DATASET RECORDS:
--- START ---
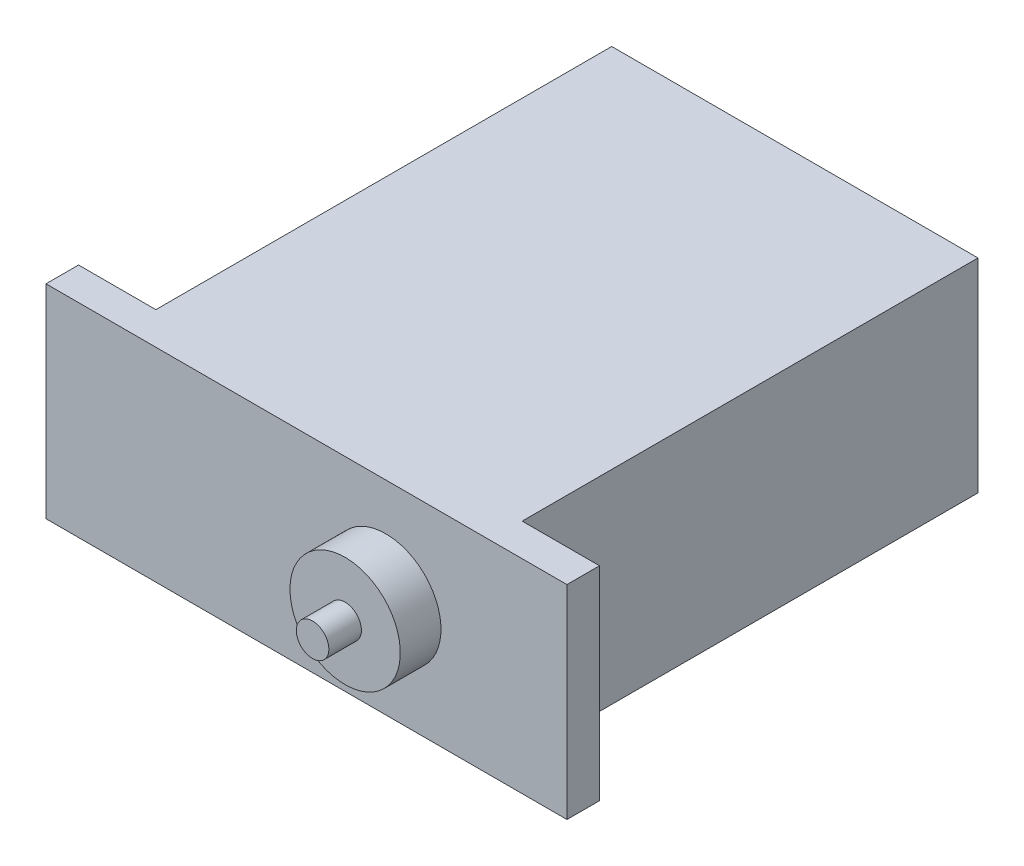
from build123d import *

# Parameters (mm, degrees)
SKETCH_1_W      = 22.5
SKETCH_1_H      = 12.5
EXTRUDE_1_DEPTH = 28
SKETCH_2_W      = 32
SKETCH_2_H      = 12.5
EXTRUDE_2_DEPTH = 2
SKETCH_3_R      = 3.388656212
EXTRUDE_3_DEPTH = 2.5
SKETCH_4_R      = 1
EXTRUDE_4_DEPTH = 2


with BuildPart() as part:
    # 草图1 → 凸台-拉伸1 (new body)
    with BuildSketch(Plane.XY):
        Rectangle(SKETCH_1_W, SKETCH_1_H)
    extrude(amount=EXTRUDE_1_DEPTH)

    # 草图2 → 凸台-拉伸2 (add)
    with BuildSketch(Plane.XY.offset(28)):
        Rectangle(SKETCH_2_W, SKETCH_2_H)
    extrude(amount=EXTRUDE_2_DEPTH)

    # 草图3 → 凸台-拉伸3 (add)
    with BuildSketch(Plane.XY.offset(30)):
        with Locations(Location((4.874315739, 0, 0), (0, 0, 180))):
            Circle(SKETCH_3_R)
    extrude(amount=EXTRUDE_3_DEPTH)

    # 草图4 → 凸台-拉伸4 (add)
    with BuildSketch(Plane.XY.offset(32.5)):
        with Locations((4.874315739, 0)):
            Circle(SKETCH_4_R)
    extrude(amount=EXTRUDE_4_DEPTH)


solid = part.part
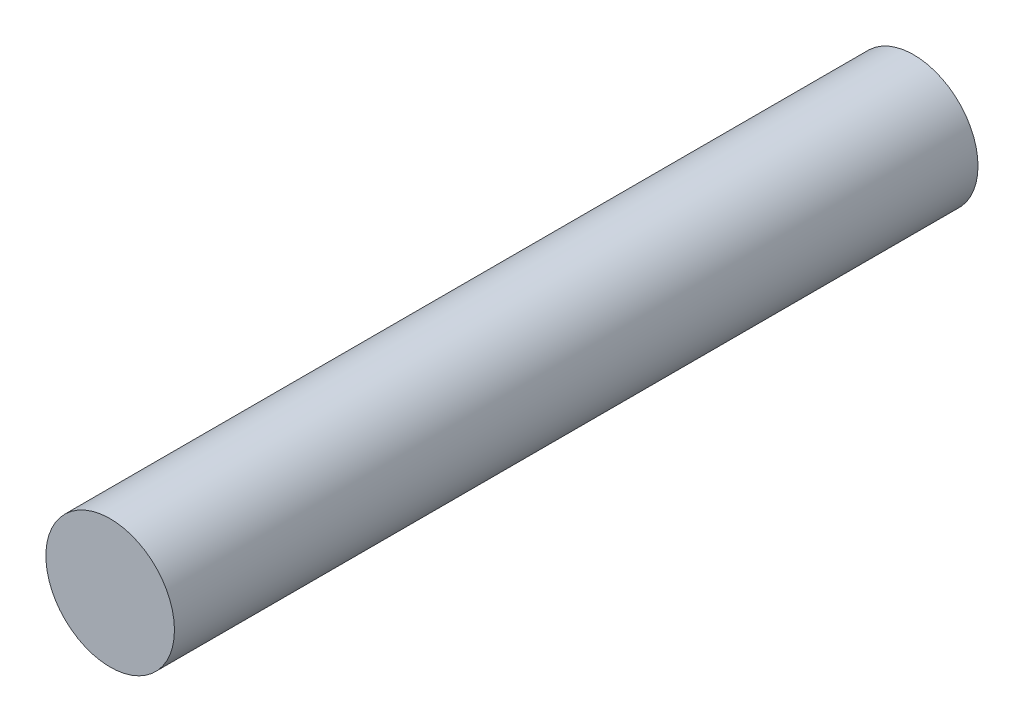
from build123d import *

# Parameters (mm, degrees)
SKETCH1_R           = 8
BOSS_EXTRUDE1_DEPTH = 100


with BuildPart() as part:
    # Sketch1 → Boss-Extrude1 (new body)
    with BuildSketch(Plane.XY):
        Circle(SKETCH1_R)
    extrude(amount=BOSS_EXTRUDE1_DEPTH)


solid = part.part
--- END ---
Write out the material above precisely, leaving each picture behind.

WRITTEN SOLUTION:
from build123d import *

# Parameters (mm, degrees)
SKETCH_1_W      = 22.5
SKETCH_1_H      = 12.5
EXTRUDE_1_DEPTH = 28
SKETCH_2_W      = 32
SKETCH_2_H      = 12.5
EXTRUDE_2_DEPTH = 2
SKETCH_3_R      = 3.388656212
EXTRUDE_3_DEPTH = 2.5
SKETCH_4_R      = 1
EXTRUDE_4_DEPTH = 2


with BuildPart() as part:
    # 草图1 → 凸台-拉伸1 (new body)
    with BuildSketch(Plane.XY):
        Rectangle(SKETCH_1_W, SKETCH_1_H)
    extrude(amount=EXTRUDE_1_DEPTH)

    # 草图2 → 凸台-拉伸2 (add)
    with BuildSketch(Plane.XY.offset(28)):
        Rectangle(SKETCH_2_W, SKETCH_2_H)
    extrude(amount=EXTRUDE_2_DEPTH)

    # 草图3 → 凸台-拉伸3 (add)
    with BuildSketch(Plane.XY.offset(30)):
        with Locations(Location((4.874315739, 0, 0), (0, 0, 180))):
            Circle(SKETCH_3_R)
    extrude(amount=EXTRUDE_3_DEPTH)

    # 草图4 → 凸台-拉伸4 (add)
    with BuildSketch(Plane.XY.offset(32.5)):
        with Locations((4.874315739, 0)):
            Circle(SKETCH_4_R)
    extrude(amount=EXTRUDE_4_DEPTH)


solid = part.part
from build123d import *

# Parameters (mm, degrees)
SKETCH1_R           = 8
BOSS_EXTRUDE1_DEPTH = 100


with BuildPart() as part:
    # Sketch1 → Boss-Extrude1 (new body)
    with BuildSketch(Plane.XY):
        Circle(SKETCH1_R)
    extrude(amount=BOSS_EXTRUDE1_DEPTH)


solid = part.part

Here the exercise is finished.